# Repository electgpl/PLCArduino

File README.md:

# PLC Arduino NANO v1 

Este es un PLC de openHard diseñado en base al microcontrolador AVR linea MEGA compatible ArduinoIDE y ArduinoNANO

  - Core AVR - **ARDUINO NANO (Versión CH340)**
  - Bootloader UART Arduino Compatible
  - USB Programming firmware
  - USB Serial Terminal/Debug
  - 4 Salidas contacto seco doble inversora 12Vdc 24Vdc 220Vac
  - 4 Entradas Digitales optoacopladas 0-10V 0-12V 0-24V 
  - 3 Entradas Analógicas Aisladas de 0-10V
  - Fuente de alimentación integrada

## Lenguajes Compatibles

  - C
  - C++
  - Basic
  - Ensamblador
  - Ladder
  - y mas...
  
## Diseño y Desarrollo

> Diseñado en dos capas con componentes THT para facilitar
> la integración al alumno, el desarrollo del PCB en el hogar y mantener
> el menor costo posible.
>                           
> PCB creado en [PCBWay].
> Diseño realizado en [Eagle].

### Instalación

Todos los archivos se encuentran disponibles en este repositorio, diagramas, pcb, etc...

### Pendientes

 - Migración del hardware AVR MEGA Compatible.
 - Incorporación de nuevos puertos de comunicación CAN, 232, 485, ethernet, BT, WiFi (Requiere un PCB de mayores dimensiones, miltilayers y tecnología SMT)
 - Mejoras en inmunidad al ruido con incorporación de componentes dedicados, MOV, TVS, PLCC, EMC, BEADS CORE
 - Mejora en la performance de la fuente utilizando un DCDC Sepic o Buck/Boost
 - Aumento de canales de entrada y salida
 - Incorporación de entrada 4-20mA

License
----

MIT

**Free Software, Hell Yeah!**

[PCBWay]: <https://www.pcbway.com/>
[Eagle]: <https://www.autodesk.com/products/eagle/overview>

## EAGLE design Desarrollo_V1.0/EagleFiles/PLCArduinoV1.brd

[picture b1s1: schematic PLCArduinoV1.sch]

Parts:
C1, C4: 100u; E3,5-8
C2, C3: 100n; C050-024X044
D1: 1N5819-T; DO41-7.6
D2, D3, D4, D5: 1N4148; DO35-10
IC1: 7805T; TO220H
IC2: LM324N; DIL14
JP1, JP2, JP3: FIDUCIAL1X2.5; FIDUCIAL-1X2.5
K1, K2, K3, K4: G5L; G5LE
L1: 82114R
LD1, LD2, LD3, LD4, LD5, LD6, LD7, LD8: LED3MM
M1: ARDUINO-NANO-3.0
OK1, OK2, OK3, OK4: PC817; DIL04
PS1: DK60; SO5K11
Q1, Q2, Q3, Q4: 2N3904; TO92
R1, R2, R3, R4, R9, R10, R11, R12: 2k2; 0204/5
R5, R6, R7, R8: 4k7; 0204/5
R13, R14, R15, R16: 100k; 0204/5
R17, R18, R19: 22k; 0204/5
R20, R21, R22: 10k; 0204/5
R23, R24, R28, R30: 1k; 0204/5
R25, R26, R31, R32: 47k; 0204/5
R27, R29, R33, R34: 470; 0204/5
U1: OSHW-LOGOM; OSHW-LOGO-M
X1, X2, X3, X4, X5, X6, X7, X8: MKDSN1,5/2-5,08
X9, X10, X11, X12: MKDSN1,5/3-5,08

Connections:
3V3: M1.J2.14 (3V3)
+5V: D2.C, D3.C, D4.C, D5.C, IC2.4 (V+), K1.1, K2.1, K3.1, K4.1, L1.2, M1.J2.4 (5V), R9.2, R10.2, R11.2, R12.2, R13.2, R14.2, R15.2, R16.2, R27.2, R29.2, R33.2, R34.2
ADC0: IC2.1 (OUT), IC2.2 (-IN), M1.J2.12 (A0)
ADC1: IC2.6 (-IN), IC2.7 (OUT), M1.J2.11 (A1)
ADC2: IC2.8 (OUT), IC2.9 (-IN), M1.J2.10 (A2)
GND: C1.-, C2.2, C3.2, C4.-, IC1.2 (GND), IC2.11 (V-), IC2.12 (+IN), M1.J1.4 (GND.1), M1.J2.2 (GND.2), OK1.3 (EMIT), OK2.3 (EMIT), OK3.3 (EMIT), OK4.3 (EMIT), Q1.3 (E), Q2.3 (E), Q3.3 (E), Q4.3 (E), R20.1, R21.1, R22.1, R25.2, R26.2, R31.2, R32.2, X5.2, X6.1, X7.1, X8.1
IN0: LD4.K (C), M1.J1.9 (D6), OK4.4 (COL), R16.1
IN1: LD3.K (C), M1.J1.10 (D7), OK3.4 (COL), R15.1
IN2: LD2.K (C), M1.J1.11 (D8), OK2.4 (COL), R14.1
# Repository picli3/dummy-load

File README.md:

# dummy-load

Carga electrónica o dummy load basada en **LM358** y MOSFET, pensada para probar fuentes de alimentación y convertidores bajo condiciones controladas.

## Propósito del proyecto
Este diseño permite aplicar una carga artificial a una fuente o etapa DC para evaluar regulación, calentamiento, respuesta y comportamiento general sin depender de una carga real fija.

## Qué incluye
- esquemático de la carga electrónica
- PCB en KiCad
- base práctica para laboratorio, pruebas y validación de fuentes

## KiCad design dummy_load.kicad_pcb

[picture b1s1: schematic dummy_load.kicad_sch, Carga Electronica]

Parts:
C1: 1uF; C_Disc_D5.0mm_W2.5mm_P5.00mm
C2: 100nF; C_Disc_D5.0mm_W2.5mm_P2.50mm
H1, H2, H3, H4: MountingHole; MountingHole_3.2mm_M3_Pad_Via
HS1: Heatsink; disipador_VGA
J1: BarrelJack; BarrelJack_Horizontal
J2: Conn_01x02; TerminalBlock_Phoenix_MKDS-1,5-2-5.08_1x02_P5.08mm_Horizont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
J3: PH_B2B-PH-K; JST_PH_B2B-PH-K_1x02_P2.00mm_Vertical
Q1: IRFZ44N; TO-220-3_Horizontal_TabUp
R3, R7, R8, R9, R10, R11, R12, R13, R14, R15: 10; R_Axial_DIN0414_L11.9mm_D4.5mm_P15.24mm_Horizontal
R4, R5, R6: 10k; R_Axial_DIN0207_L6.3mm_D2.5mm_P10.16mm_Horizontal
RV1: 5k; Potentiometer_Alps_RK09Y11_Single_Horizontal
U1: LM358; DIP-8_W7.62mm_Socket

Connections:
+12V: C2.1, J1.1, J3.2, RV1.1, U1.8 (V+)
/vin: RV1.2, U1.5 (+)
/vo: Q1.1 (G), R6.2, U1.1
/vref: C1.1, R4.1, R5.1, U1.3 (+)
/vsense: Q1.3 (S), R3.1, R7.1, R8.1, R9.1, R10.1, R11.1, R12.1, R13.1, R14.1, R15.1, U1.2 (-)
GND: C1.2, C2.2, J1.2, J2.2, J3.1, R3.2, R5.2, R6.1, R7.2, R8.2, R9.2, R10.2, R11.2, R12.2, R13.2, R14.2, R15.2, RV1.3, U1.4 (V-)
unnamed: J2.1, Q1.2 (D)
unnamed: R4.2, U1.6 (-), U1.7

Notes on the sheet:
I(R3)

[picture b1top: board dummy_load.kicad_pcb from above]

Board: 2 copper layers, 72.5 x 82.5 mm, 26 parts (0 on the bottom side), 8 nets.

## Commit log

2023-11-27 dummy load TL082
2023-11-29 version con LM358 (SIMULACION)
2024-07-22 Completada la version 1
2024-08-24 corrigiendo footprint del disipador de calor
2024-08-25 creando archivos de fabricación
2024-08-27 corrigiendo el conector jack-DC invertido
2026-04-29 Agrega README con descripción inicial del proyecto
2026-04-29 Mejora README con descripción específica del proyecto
****************
→ **How to complete this task**
Could you reproduce, exactly, every line above from the line with "- esquemático de la carga electrónica" to the line with "R4, R5, R6: 10k;", and no other line? Both ends count.

→ **Result for this task**
- esquemático de la carga electrónica
- PCB en KiCad
- base práctica para laboratorio, pruebas y validación de fuentes

## KiCad design dummy_load.kicad_pcb

[picture b1s1: schematic dummy_load.kicad_sch, Carga Electronica]

Parts:
C1: 1uF; C_Disc_D5.0mm_W2.5mm_P5.00mm
C2: 100nF; C_Disc_D5.0mm_W2.5mm_P2.50mm
H1, H2, H3, H4: MountingHole; MountingHole_3.2mm_M3_Pad_Via
HS1: Heatsink; disipador_VGA
J1: BarrelJack; BarrelJack_Horizontal
J2: Conn_01x02; TerminalBlock_Phoenix_MKDS-1,5-2-5.08_1x02_P5.08mm_Horizont
J3: PH_B2B-PH-K; JST_PH_B2B-PH-K_1x02_P2.00mm_Vertical
Q1: IRFZ44N; TO-220-3_Horizontal_TabUp
R3, R7, R8, R9, R10, R11, R12, R13, R14, R15: 10; R_Axial_DIN0414_L11.9mm_D4.5mm_P15.24mm_Horizontal
R4, R5, R6: 10k; R_Axial_DIN0207_L6.3mm_D2.5mm_P10.16mm_Horizontal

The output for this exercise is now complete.